Work required → Please find how many lines of the data contain the string "mxPoint", and respond with that number only.

(Records from a data collection)
▬▬▬▬▬▬▬▬▬▬

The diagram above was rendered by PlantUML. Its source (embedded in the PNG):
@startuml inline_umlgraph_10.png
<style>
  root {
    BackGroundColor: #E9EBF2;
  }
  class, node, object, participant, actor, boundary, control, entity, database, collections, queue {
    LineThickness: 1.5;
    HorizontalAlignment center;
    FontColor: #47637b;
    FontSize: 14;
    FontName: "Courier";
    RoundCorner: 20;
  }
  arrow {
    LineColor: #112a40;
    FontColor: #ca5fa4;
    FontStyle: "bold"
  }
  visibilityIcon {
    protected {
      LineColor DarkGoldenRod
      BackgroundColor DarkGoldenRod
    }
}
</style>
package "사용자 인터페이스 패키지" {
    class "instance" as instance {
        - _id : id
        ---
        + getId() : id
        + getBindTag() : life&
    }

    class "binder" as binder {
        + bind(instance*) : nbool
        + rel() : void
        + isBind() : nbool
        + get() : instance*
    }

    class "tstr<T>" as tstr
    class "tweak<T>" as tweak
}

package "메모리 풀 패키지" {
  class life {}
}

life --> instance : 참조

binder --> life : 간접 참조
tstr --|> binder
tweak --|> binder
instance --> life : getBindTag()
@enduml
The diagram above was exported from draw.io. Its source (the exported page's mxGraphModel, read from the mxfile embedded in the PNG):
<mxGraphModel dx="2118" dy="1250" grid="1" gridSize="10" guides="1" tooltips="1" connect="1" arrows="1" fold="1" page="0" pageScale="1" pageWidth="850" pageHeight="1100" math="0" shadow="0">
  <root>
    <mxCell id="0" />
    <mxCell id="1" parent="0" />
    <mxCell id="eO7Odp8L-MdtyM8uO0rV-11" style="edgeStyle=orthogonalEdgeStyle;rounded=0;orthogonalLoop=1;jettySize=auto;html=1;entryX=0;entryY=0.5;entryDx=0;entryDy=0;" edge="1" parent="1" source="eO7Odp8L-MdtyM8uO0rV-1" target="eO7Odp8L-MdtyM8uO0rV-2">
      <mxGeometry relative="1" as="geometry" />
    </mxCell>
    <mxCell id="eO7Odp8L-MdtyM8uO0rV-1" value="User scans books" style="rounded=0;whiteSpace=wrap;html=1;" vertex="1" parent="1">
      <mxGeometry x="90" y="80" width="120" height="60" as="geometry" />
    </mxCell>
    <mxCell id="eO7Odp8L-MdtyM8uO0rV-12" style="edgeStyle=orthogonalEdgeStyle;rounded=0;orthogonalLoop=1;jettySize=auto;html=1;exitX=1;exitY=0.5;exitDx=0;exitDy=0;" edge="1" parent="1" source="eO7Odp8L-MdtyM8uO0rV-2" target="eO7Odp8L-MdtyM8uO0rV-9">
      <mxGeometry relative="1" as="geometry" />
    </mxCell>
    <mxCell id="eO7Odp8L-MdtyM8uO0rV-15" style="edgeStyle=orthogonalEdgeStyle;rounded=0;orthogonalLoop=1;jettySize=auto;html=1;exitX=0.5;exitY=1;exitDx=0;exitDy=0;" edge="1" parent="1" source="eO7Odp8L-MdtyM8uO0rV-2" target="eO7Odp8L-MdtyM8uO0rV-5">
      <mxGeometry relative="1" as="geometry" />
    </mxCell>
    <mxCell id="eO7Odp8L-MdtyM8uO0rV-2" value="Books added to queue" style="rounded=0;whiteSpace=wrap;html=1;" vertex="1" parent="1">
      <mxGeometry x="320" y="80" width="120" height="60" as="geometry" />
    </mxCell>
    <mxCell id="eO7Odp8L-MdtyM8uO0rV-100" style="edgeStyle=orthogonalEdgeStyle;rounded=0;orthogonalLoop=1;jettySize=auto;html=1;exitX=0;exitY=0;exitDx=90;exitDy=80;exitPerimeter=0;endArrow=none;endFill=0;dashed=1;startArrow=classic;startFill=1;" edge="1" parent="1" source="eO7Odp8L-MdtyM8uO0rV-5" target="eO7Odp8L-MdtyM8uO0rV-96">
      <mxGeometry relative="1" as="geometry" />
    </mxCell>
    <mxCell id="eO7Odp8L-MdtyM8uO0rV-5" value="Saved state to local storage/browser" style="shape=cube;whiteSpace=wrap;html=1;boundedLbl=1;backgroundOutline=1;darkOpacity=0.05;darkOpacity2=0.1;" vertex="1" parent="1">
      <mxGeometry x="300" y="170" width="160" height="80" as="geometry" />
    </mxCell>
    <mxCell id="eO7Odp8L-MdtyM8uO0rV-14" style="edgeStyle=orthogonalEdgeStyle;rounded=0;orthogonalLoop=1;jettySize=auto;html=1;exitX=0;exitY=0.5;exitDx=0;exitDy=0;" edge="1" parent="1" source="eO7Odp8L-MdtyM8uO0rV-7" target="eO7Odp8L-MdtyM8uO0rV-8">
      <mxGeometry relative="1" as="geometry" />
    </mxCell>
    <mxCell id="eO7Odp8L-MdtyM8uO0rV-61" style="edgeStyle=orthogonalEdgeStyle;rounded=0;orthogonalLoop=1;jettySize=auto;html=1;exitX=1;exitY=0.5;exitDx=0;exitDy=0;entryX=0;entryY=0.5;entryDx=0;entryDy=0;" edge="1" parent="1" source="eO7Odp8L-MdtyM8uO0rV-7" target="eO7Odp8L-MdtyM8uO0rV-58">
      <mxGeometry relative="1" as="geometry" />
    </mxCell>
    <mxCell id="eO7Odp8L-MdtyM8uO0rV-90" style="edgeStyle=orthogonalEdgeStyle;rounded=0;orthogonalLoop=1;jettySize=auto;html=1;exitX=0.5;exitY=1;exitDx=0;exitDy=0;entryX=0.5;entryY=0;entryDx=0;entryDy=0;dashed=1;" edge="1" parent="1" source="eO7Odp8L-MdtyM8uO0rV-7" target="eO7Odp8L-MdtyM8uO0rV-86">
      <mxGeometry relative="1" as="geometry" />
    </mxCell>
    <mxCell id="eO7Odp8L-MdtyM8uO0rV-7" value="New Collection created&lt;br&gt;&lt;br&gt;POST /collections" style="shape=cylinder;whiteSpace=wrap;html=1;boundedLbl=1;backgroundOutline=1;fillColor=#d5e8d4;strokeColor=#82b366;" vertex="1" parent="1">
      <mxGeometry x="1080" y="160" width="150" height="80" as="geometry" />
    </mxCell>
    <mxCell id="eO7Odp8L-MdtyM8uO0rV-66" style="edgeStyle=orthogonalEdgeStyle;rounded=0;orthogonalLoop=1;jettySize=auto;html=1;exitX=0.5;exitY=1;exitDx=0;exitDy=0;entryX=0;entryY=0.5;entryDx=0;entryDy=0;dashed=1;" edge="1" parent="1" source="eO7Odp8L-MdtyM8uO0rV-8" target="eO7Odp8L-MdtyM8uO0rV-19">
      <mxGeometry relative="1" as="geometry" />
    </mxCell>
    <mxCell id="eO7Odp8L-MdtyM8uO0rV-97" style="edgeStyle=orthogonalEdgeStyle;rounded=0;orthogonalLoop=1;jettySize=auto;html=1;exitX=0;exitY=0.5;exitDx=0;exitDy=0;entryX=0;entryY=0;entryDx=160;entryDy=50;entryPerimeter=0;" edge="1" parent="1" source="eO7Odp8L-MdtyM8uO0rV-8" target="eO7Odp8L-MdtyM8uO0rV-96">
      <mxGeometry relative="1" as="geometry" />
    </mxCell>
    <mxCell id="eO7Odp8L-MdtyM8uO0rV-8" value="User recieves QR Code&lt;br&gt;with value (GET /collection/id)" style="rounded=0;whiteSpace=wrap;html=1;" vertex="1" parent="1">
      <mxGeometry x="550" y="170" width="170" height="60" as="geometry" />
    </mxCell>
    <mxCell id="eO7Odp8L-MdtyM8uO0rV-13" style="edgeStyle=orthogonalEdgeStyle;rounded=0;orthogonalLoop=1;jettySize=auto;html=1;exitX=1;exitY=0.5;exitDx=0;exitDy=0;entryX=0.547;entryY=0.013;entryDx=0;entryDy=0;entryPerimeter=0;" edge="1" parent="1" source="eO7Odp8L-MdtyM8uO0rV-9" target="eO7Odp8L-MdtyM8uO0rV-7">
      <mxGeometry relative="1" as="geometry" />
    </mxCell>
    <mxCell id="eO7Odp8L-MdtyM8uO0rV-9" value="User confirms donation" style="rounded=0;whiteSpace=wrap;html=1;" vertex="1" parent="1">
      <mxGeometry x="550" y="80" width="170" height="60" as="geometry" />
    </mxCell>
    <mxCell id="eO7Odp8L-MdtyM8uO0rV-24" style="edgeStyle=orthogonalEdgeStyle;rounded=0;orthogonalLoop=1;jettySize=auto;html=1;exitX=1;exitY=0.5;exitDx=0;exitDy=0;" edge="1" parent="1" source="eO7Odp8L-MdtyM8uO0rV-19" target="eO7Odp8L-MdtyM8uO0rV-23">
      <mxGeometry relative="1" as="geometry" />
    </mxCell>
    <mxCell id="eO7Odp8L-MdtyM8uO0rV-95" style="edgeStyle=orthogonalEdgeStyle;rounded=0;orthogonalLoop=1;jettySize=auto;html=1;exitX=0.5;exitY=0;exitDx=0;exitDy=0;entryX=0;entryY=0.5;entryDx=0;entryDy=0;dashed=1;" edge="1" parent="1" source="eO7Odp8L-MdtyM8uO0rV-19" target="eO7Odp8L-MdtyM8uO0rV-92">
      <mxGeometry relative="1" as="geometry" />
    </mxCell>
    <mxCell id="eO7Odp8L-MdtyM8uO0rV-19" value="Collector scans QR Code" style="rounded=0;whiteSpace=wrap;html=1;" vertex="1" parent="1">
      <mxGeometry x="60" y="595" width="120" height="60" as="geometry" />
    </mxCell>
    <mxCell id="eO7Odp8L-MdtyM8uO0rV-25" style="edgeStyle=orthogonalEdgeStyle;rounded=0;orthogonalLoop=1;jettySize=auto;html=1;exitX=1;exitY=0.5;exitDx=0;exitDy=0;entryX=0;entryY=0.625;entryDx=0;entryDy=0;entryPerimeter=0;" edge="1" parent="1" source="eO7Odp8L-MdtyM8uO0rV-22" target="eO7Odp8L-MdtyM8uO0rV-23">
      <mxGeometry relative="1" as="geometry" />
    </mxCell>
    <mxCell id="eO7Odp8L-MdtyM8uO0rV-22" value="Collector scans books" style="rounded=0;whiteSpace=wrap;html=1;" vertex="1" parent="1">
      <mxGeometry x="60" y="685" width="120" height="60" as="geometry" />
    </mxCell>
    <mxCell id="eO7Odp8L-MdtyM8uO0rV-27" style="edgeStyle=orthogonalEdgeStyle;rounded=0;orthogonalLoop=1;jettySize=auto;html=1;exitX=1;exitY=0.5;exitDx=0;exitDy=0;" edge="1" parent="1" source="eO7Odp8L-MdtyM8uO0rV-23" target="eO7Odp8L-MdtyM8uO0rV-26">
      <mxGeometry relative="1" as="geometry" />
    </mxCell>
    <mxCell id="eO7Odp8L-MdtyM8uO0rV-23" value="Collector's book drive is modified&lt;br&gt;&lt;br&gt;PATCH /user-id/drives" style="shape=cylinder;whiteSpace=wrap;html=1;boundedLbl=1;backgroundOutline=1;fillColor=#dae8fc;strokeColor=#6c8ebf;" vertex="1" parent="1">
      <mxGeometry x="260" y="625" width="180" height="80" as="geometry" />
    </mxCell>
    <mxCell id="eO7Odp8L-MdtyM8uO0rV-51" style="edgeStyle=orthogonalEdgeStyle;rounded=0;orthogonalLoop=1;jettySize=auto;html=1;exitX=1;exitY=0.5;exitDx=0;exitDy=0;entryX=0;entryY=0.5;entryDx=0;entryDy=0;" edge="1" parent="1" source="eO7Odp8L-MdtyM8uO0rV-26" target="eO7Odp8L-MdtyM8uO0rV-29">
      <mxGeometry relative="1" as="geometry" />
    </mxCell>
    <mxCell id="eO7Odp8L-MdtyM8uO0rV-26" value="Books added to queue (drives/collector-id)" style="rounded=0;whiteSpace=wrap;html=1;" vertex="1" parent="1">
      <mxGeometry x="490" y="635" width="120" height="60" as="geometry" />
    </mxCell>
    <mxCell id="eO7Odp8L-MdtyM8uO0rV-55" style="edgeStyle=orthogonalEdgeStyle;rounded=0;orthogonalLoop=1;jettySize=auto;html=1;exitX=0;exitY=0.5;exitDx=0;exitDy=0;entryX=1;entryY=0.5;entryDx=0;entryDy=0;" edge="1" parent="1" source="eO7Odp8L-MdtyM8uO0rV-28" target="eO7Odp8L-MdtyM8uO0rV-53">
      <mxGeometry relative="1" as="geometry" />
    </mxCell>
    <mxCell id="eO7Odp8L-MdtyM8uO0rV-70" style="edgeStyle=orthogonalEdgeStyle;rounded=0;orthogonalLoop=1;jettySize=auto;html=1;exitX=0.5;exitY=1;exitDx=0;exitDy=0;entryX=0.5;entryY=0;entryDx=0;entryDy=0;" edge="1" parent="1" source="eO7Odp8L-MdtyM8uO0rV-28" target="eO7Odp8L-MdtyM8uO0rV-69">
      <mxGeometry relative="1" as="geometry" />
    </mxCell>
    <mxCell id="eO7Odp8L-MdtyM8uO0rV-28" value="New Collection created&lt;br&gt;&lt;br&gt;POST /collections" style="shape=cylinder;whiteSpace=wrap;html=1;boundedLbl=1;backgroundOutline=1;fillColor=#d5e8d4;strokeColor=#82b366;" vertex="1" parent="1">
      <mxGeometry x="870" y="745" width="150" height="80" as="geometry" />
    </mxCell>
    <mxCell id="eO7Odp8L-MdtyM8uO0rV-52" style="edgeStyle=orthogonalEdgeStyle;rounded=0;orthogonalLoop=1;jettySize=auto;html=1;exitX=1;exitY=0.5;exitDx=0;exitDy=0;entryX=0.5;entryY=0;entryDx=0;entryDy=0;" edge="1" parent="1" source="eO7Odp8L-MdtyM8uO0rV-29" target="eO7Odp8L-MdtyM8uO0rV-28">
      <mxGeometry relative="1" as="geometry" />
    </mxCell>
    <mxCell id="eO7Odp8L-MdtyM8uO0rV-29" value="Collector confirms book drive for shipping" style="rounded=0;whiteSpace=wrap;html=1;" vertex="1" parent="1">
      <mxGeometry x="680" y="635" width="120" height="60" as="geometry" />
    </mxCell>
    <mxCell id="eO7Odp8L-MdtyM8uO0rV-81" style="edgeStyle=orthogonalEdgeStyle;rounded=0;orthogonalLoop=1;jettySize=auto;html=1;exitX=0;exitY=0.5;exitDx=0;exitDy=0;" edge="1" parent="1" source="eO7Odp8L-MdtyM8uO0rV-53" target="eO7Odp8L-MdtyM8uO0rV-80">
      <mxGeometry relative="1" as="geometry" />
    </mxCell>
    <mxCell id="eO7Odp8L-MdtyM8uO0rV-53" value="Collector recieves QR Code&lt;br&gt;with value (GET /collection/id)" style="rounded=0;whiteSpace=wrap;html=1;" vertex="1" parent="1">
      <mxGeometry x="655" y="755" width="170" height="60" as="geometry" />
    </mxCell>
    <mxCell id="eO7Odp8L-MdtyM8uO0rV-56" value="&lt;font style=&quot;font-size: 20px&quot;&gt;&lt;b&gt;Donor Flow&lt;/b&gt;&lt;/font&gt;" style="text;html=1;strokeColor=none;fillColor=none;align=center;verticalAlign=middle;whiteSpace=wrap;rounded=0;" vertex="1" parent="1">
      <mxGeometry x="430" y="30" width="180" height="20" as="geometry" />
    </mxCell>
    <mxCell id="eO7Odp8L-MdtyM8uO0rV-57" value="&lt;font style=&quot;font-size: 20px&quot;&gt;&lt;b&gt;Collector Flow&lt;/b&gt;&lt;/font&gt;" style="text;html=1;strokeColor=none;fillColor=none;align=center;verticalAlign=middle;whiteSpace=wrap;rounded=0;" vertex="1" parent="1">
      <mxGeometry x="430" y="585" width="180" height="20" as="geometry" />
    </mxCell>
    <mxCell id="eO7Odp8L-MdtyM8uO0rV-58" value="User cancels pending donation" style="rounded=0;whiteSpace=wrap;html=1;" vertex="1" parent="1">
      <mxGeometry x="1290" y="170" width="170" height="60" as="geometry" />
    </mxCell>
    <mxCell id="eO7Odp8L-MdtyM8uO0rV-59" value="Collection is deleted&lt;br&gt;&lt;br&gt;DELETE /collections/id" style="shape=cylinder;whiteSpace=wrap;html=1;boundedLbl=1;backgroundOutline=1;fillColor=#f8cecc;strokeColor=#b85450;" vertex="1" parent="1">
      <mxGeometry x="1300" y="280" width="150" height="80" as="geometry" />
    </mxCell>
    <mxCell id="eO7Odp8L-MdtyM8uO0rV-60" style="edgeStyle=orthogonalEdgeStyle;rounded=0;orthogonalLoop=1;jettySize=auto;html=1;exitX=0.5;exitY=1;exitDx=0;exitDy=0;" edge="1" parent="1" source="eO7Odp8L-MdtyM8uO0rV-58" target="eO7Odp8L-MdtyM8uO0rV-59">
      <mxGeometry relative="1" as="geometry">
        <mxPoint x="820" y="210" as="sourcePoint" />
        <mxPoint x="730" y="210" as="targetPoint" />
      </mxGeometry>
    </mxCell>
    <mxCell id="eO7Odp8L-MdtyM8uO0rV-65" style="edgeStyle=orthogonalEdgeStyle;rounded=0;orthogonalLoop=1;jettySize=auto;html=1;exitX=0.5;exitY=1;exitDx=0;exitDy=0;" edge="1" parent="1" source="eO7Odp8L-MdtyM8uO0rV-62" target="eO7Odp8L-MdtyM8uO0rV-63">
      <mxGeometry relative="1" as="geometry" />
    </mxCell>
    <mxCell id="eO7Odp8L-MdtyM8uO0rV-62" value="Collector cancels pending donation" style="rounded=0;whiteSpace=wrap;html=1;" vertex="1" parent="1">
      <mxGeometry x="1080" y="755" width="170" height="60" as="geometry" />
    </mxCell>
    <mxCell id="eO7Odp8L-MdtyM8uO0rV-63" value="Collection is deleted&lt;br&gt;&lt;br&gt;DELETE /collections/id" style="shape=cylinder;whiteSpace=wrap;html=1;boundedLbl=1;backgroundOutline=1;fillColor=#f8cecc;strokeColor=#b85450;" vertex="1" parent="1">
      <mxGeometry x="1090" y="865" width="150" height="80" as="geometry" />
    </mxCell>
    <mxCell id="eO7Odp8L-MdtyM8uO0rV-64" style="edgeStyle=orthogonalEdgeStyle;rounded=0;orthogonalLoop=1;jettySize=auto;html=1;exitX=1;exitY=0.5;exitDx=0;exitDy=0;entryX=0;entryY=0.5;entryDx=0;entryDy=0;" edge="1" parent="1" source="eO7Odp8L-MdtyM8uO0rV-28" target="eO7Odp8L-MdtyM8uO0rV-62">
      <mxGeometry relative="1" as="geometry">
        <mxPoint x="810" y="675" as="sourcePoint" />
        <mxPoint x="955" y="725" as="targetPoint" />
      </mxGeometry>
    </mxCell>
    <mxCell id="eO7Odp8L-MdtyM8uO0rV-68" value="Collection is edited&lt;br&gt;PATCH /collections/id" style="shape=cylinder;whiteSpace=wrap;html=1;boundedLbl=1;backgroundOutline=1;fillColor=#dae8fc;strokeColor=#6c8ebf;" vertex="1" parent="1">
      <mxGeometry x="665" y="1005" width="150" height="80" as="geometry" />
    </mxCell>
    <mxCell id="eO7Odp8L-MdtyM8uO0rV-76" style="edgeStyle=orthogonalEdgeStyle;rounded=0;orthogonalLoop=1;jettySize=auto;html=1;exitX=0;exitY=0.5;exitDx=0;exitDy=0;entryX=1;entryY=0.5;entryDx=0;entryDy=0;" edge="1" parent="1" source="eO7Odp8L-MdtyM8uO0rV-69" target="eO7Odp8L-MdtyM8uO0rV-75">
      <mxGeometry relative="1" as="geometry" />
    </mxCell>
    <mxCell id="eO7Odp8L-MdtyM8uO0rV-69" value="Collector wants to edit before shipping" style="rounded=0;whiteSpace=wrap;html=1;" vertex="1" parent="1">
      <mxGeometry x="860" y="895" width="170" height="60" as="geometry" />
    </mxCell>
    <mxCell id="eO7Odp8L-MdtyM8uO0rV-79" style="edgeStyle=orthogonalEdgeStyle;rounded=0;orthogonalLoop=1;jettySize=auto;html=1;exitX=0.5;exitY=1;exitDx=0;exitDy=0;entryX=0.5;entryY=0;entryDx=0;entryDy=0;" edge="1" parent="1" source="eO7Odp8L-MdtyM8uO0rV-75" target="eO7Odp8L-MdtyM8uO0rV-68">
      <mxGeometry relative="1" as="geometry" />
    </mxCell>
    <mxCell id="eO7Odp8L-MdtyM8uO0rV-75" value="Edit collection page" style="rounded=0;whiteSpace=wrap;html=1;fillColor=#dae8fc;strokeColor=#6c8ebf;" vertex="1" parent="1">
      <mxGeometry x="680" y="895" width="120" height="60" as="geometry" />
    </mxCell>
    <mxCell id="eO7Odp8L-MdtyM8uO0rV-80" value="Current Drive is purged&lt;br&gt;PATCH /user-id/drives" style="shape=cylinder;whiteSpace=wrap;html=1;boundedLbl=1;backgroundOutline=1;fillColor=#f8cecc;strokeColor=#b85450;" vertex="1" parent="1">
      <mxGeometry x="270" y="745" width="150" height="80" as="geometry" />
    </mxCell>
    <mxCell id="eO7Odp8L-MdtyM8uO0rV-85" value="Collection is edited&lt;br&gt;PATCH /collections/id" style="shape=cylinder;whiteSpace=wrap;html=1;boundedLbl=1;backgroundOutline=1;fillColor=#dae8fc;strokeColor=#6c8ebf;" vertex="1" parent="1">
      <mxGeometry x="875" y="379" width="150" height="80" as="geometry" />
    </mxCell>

▬▬▬▬▬▬▬▬▬▬

Result for this task → 4